Although Egypt faces several serious economic challenges, many international investors are confident that the longer-term prospects for the country could be bright – if only the government were finally able to move past the issues with which they have been dogged.
Charlie Robertson, head of macro strategy at FIM Partners in London, previously told African Business that portfolio managers could sense opportunities in Egyptian currency and fixed income markets if the government committed itself to devaluing the Egyptian pound again. Earlier this year, the Egyptian stock market hit record highs.
Meanwhile, many investors and analysts have expressed optimism that a country in close geographical proximity to the oil-rich Gulf markets, with a large and growing young population as well as good infrastructure, could emerge as an important manufacturing and production hub.
El-Khouly shares that optimism, despite the difficulties which the country is currently battling.
“The Egyptian government has introduced several reforms and initiatives to attract more investors into the economy, and it is succeeding,” she says.
“2023 has ended on a positive note for Egypt, with its annual core inflation rate at 35.9% in November 2023, down from 38.1% in October. It is expected to decline to 27.4% in 2024. The Egyptian stock market has achieved a historically good performance during this past month,” el-Khouly tells African Business.
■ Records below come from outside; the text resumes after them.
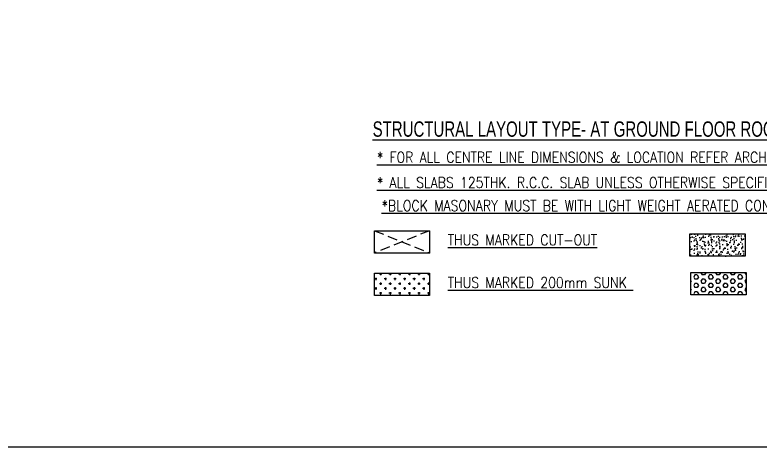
# Model space of a CAD drawing. Header units: millimetres. Extents: x 1078357 to 2594950, y -5122486 to -4636555.
# Drawn here: x 1105135 to 1124549, y -4684019 to -4672771 of the extents above; entities that cross this region are included whole.
import ezdxf

# ---------------------------------------------------------------- set-up
doc = ezdxf.new("R2010")
doc.units = ezdxf.units.MM
doc.linetypes.add('CONTINOUS', pattern=[0])
doc.linetypes.add('HIDDEN', pattern=[0.375, 0.25, -0.125])
doc.layers.add('Boundary', color=40, linetype='Continuous', lineweight=30)
doc.layers.add('HATCH', color=8, linetype='Continuous', lineweight=30)
for name, color, linetype in [('DROP SLAB', 8, 'Continuous'), ('S TEXT', 7, 'Continuous'), ('S-CUTOUT', 8, 'HIDDEN'), ('S-LEGEND', 7, 'Continuous')]:
    doc.layers.add(name, color=color, linetype=linetype)
doc.styles.add('ROMANS', font='romans.shx', dxfattribs={"width": 0.85})
doc.styles.add('SANSSERIF', font='sas_____.pfb')

msp = doc.modelspace()

# ---------------------------------------------------------------- hatches: boundary and pattern name
at = {"layer": 'HATCH'}
h = msp.add_hatch(dxfattribs=at)
h.set_pattern_fill('AR-SAND', color=8, scale=3, angle=90)
h.set_pattern_definition([(127.5, (376287.46, -41671.84), (-146.8239712, -4.800094), [0, -115.824, 0, -129.54, 0, -123.825]), (97.5, (376287.46, -41671.84), (-215.04753, 134.856985), [0, -62.484, 0, -104.394, 0, -40.005]), (57.5, (376287.46, -41765.57), (-0.4311554, 237.297711), [0, -38.1, 0, -137.16, 0, -179.07]), (47.5, (376287.46, -41765.57), (-66.878797, 229.066936), [0, -19.05, 0, -89.916, 0, -102.87])])
h.paths.add_polyline_path([(1122721.2, -4678470.2), (1124156.8, -4678470.2), (1124156.8, -4679051.6), (1122721.2, -4679051.6)])
at = {"layer": 'HATCH', "ltscale": 1000}
h = msp.add_hatch(dxfattribs=at)
h.set_pattern_fill('CROSS', color=8, scale=500, angle=180)
h.set_pattern_definition([(180, (2593318.11, -4082391.99), (-125, -125), [62.5, -187.5]), (270, (2593286.86, -4082360.74), (125, -125), [62.5, -187.5])])
h.paths.add_polyline_path([(1114502.3, -4679496.9), (1115937.9, -4679496.9), (1115937.9, -4680078.3), (1114502.3, -4680078.3)])
h = msp.add_hatch(dxfattribs=at)
h.set_pattern_fill('HEX', color=8, scale=20, angle=180)
h.set_pattern_definition([(180, (1075288.74, -4434711.33), (-1e-14, -109.985226), [63.5, -127]), (300, (1075288.74, -4434711.33), (95.25, 54.992613), [63.5, -127]), (240, (1075225.24, -4434711.33), (95.25, -54.992613), [63.5, -127])])
h.paths.add_polyline_path([(1122748.1, -4679474.3), (1124183.6, -4679474.3), (1124183.6, -4680055.6), (1122748.1, -4680055.6)])

# ---------------------------------------------------------------- linework, layer by layer
at = {"layer": 'Boundary', "ltscale": 700, "elevation": 0}
msp.add_lwpolyline([(1097224.7, -4636555), (1204038.4, -4636555), (1204038.4, -4684019.2), (1097224.7, -4684019.2)], close=True, dxfattribs=at)
at = {"layer": 'DROP SLAB', "color": 3, "linetype": 'CONTINOUS', "ltscale": 500, "elevation": 0.2}
msp.add_lwpolyline([(1114502.3, -4678387.3), (1115937.9, -4678387.3), (1115937.9, -4678968.7), (1114502.3, -4678968.7)], close=True, dxfattribs=at)
at = {"layer": 'S-CUTOUT', "ltscale": 1000}
for p, q in [((1114502.3, -4678387.3, 0.2), (1115937.9, -4678968.7, 0.2)), ((1115937.9, -4678387.3, 0.2), (1114502.3, -4678968.7, 0.2))]:
    msp.add_line(p, q, dxfattribs=at)
at = {"layer": 'S-LEGEND', "color": 1, "linetype": 'Continuous', "elevation": 0.2}
for points in [[(1122721.2, -4678470.2), (1124156.8, -4678470.2), (1124156.8, -4679051.6), (1122721.2, -4679051.6)], [(1114502.3, -4679496.9), (1115937.9, -4679496.9), (1115937.9, -4680078.3), (1114502.3, -4680078.3)], [(1122748.1, -4679474.3), (1124183.6, -4679474.3), (1124183.6, -4680055.6), (1122748.1, -4680055.6)]]:
    msp.add_lwpolyline(points, close=True, dxfattribs=at)

# ---------------------------------------------------------------- texts
at = {"layer": 'S TEXT', "color": 1, "extrusion": (-1.33677e-08, 3.74197e-09, 1), "style": 'SANSSERIF', "width": 0.7}
msp.add_text('%%USTRUCTURAL LAYOUT TYPE- AT GROUND FLOOR ROOF SLAB LVL. (TOWER 1)', height=400, dxfattribs=at).set_placement((1114454.4, -4675942, 0.2))
at = {"layer": 'S-LEGEND', "color": 0, "linetype": 'Continuous', "style": 'ROMANS', "width": 0.85}
for s, p in [('%%U* FOR ALL CENTRE LINE DIMENSIONS & LOCATION REFER ARCH. DRG.', (1114566.5, -4676616.2, 0.2)), ('%%U* ALL SLABS 125THK. R.C.C. SLAB UNLESS OTHERWISE SPECIFIED.', (1114566.5, -4677274.5, 0.2)), ('%%UTHUS MARKED CUT-OUT', (1116412.9, -4678767.5, 0.2)), ('%%UTHUS MARKED 200mm SUNK ', (1116412.9, -4679877, 0.2))]:
    msp.add_text(s, height=280.28, dxfattribs=at).set_placement(p)
at = {"layer": 'S-LEGEND', "color": 0, "linetype": 'Continuous', "insert": (1114689.8, -4677969.4, 0.2), "char_height": 280.2804, "width": 26415.119, "attachment_point": 7, "style": 'ROMANS'}
msp.add_mtext('{\\L*BLOCK MASONARY MUST BE WITH LIGHT WEIGHT AERATED CONC. BLOCK DENSITY NOT MORE THAN 8.0KN/M\\fArial|b0|i0|c0|p34;\\l³}', dxfattribs=at)

doc.saveas('drawing.dxf')

“In the last financial year, the current account deficit improved by 71.5%. So I am optimistic with the Egyptian economic outlook,” she adds, particularly as the prospect of lower interest rates in the United States is raising hopes that debt-burdened countries such as Egypt will face lower pressures this year.
Will Egypt’s economic potential be realised? As Sisi begins his third term in office, Egyptians will be hoping that the government will at last be able to resolve the country’s short-term and structural issues – and thereby unleash an era of rapid and sustainable growth.